身后的傅渊渟说着一些连时璨都没有太多记忆的事情。
他们两在一起的事情太多了,她十八年里面全都是他。
她以为这些事情只有她一个人记得,没想到傅渊渟他也记着。
可这些,与她的问题有关吗?
“你十八岁那天,从生日宴会跑到北苑来,还像小时候一样往我身上一挂,你说你成年了,你想要我。你大概不知道我等那句话等了多久。” wavv
这事儿,时璨记得。
十八岁生日那天,傅渊渟没去她的生日宴会,礼物都是哥哥代为转交的,说是有任务。
她并不想和他们一起过生日,就跑到傅宅去了,轻车熟路地去了北苑,等了许久,终于在十二点之前,傅渊渟回来了。

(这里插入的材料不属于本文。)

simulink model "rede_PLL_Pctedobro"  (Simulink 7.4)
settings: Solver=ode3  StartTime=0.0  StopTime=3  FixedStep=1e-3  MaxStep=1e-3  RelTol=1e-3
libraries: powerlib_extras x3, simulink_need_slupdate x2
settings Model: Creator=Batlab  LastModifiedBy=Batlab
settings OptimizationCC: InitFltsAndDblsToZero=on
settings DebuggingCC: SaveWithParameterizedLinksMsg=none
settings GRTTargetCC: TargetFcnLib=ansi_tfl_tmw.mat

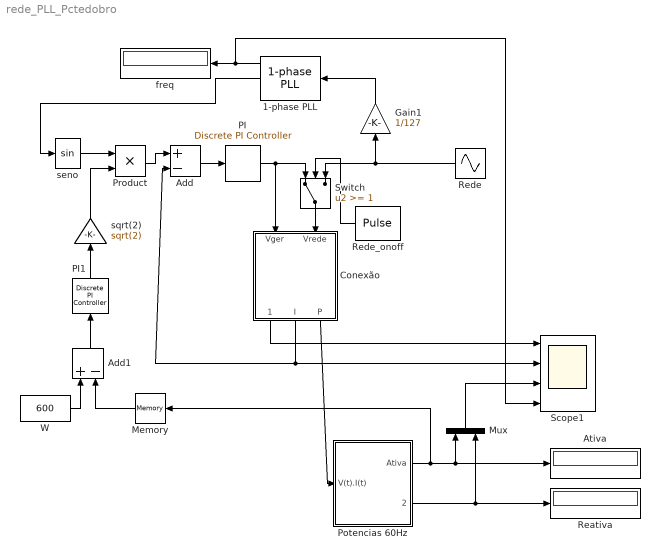
== system rede_PLL_Pctedobro ==
  1-phase PLL : powerlib_extras/Control  Blocks/1-phase PLL  DialogController=POWERSYS.PowerSysDialog  SystemSampleTime=-1  Par_Init=[0 60]  ParK=[ 180 3200 1 ]  AGC=off
  Add : Sum  Inputs=+-  OutDataType=sfix(16)  OutScaling=2^-10
  Add1 : Sum  Inputs=+-  OutDataType=sfix(16)  OutScaling=2^-10
  Ativa : Display
  Conexão : Subsystem
  Gain1 : Gain  Gain=1/127  ParameterDataType=sfix(16)  ParameterScaling=2^0  OutDataType=sfix(16)  OutScaling=2^0
  Memory : Memory
  Mux : Mux  Inputs=2
  PI : powerlib_extras/Discrete  Control Blocks/Discrete PI Controller  DialogController=POWERSYS.PowerSysDialog  SystemSampleTime=-1  Kp=10  Ki=20  Par_Limits=[1e3 -1e3]  Init=0  Ts=1e-3
  PI1 : powerlib_extras/Discrete  Control Blocks/Discrete PI Controller  DialogController=POWERSYS.PowerSysDialog  SystemSampleTime=-1  Kp=0.01  Ki=0.05  Par_Limits=[40 0]  Init=10  Ts=1e-3
  Potencias 60Hz : Subsystem
  Product : Product  OutDataType=sfix(16)  OutScaling=2^0  RndMeth=Zero
  Reativa : Display
  Rede : Sin  Amplitude=127*sqrt(2)  Bias=0  Frequency=60*2*pi  Phase=0  Samples=10  SampleTime=0  Offset=0
  Rede_onoff : DiscretePulseGenerator  PulseType=Time based  Amplitude=2  Period=2  PulseWidth=50  PhaseDelay=-1  SampleTime=1
  Scope1 : Scope  NumInputPorts=4
      settings: TimeRange=3  YMin=-200~-40~-2000~-5  YMax=200~20~4000~5  SaveName=dados
  Switch : Switch  Threshold=1
  W : Constant  Value=600  OutDataType=sfix(16)  OutScaling=2^0
  freq : Display
  seno : Trigonometry
  sqrt(2) : Gain  Gain=sqrt(2)  ParameterDataType=sfix(16)  ParameterScaling=2^0  OutDataType=sfix(16)  OutScaling=2^0
  wires:
  Conexão/1(Tensões) -> Scope1/1
  Conexão/3(P) -> Potencias 60Hz/1(V(t).I(t))
  Potencias 60Hz/2(Reativa) -> Reativa/1, Mux/2
  Potencias 60Hz/1(Ativa) -> Ativa/1, Mux/1, Memory/1
  Conexão/2(I) -> Add/2, Scope1/2
  Switch/1 -> Conexão/2(Vrede)
  Rede/1 -> Gain1/1, Switch/3
  1-phase PLL/1 -> freq/1, Scope1/4
  Gain1/1 -> 1-phase PLL/1
  seno/1 -> Product/1
  1-phase PLL/2 -> seno/1
  Rede_onoff/1 -> Switch/2
  Product/1 -> Add/1
  Add/1 -> PI/1
  PI/1 -> Switch/1, Conexão/1(Vger)
  Mux/1 -> Scope1/3
  sqrt(2)/1 -> Product/2
  Add1/1 -> PI1/1
  PI1/1 -> sqrt(2)/1
  W/1 -> Add1/1
  Memory/1 -> Add1/2

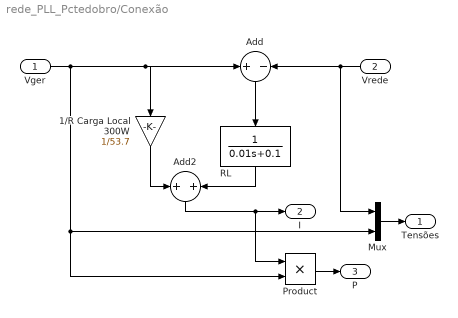
== system rede_PLL_Pctedobro/Conexão ==
  Vger : Inport  OutDataType=sfix(16)  OutScaling=2^0
  Vrede : Inport  Port=2  OutDataType=sfix(16)  OutScaling=2^0
  1/R Carga Local 300W : Gain  Gain=1/53.7  ParameterDataType=sfix(16)  ParameterScaling=2^0  OutDataType=sfix(16)  OutScaling=2^0
  Add : Sum  Inputs=+-  OutDataType=sfix(16)  OutScaling=2^-10
  Add2 : Sum  Inputs=2  OutDataType=sfix(16)  OutScaling=2^-10
  Mux : Mux  Inputs=2
  Product : Product  OutDataType=sfix(16)  OutScaling=2^0  RndMeth=Zero
  RL : TransferFcn  Denominator=[0.01 0.1]
  Tensões : Outport  OutDataType=sfix(16)  OutScaling=2^0
  I : Outport  Port=2  OutDataType=sfix(16)  OutScaling=2^0
  P : Outport  Port=3  OutDataType=sfix(16)  OutScaling=2^0
  wires:
  Vrede/1 -> Mux/1, Add/2
  Add/1 -> RL/1
  Vger/1 -> Product/2, Mux/2, Add/1, 1/R Carga Local 300W/1
  Mux/1 -> Tensões/1
  Product/1 -> P/1
  1/R Carga Local 300W/1 -> Add2/1
  Add2/1 -> I/1, Product/1
  RL/1 -> Add2/2

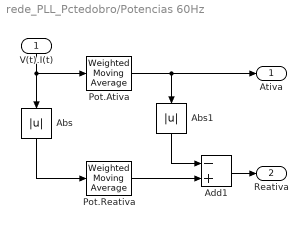
== system rede_PLL_Pctedobro/Potencias 60Hz ==
  V(t).I(t) : Inport  OutDataType=sfix(16)  OutScaling=2^0
  Abs : Abs
  Abs1 : Abs
  Add1 : Sum  Inputs=-+  OutDataType=sfix(16)  OutScaling=2^-10
  Pot.Ativa : simulink_need_slupdate/Weighted Moving Average  mgainval=[ones(1,16)]./16  vinit=0.0  samptime=-1  OutDataType=sfix(16)  OutScaling=2^-10  DoSatur=off  GainDataType=sfix( 16 )  MatRadixGroup=Best Precision: Matrix-wise  GainScaling=2^-10
  Pot.Reativa : simulink_need_slupdate/Weighted Moving Average  mgainval=[ones(1,16)]./16  vinit=0.0  samptime=-1  OutDataType=sfix(16)  OutScaling=2^-10  DoSatur=off  GainDataType=sfix( 16 )  MatRadixGroup=Best Precision: Matrix-wise  GainScaling=2^-10
  Ativa : Outport  OutDataType=sfix(16)  OutScaling=2^0
  Reativa : Outport  Port=2  OutDataType=sfix(16)  OutScaling=2^0
  wires:
  Abs/1 -> Pot.Reativa/1
  Pot.Reativa/1 -> Add1/2
  Pot.Ativa/1 -> Abs1/1, Ativa/1
  Abs1/1 -> Add1/1
  V(t).I(t)/1 -> Abs/1, Pot.Ativa/1
  Add1/1 -> Reativa/1

她一下子就跳到傅渊渟的怀中,说她成年了,还给他准备了礼物。
她从口袋里面抓了一把套出来。
她说:我买的都是超大size,还有各种香味儿的,你喜欢玫瑰还是百合?
那时候的时璨,鼓足了勇气,表面上看起来风轻云淡,实际上内心波涛汹涌。
她当然不知道傅渊渟压着声音说“你太小”是带着多大的隐忍,将她打包扔给司机让司机送她回家,又下了多大的决心。
然后,他冲了将近一个小时的冷水澡,才将身上的火气给压下去。
“阿璨,我想要你比你想要我,强烈多了。”
后面又发生了什么,时璨不太清楚。
大概是在夏日的午后出了一身汗,又被抱进浴室洗了澡,大概又出了汗。是水还是汗,时璨分不清。
她只是,尽可能地在他精壮的身上留下痕迹。
抓痕也好,牙齿印也罢。
后来,她跟傅渊渟说:“傅渊渟,我们这样得一起下地狱的。”
他说:“好,一起。”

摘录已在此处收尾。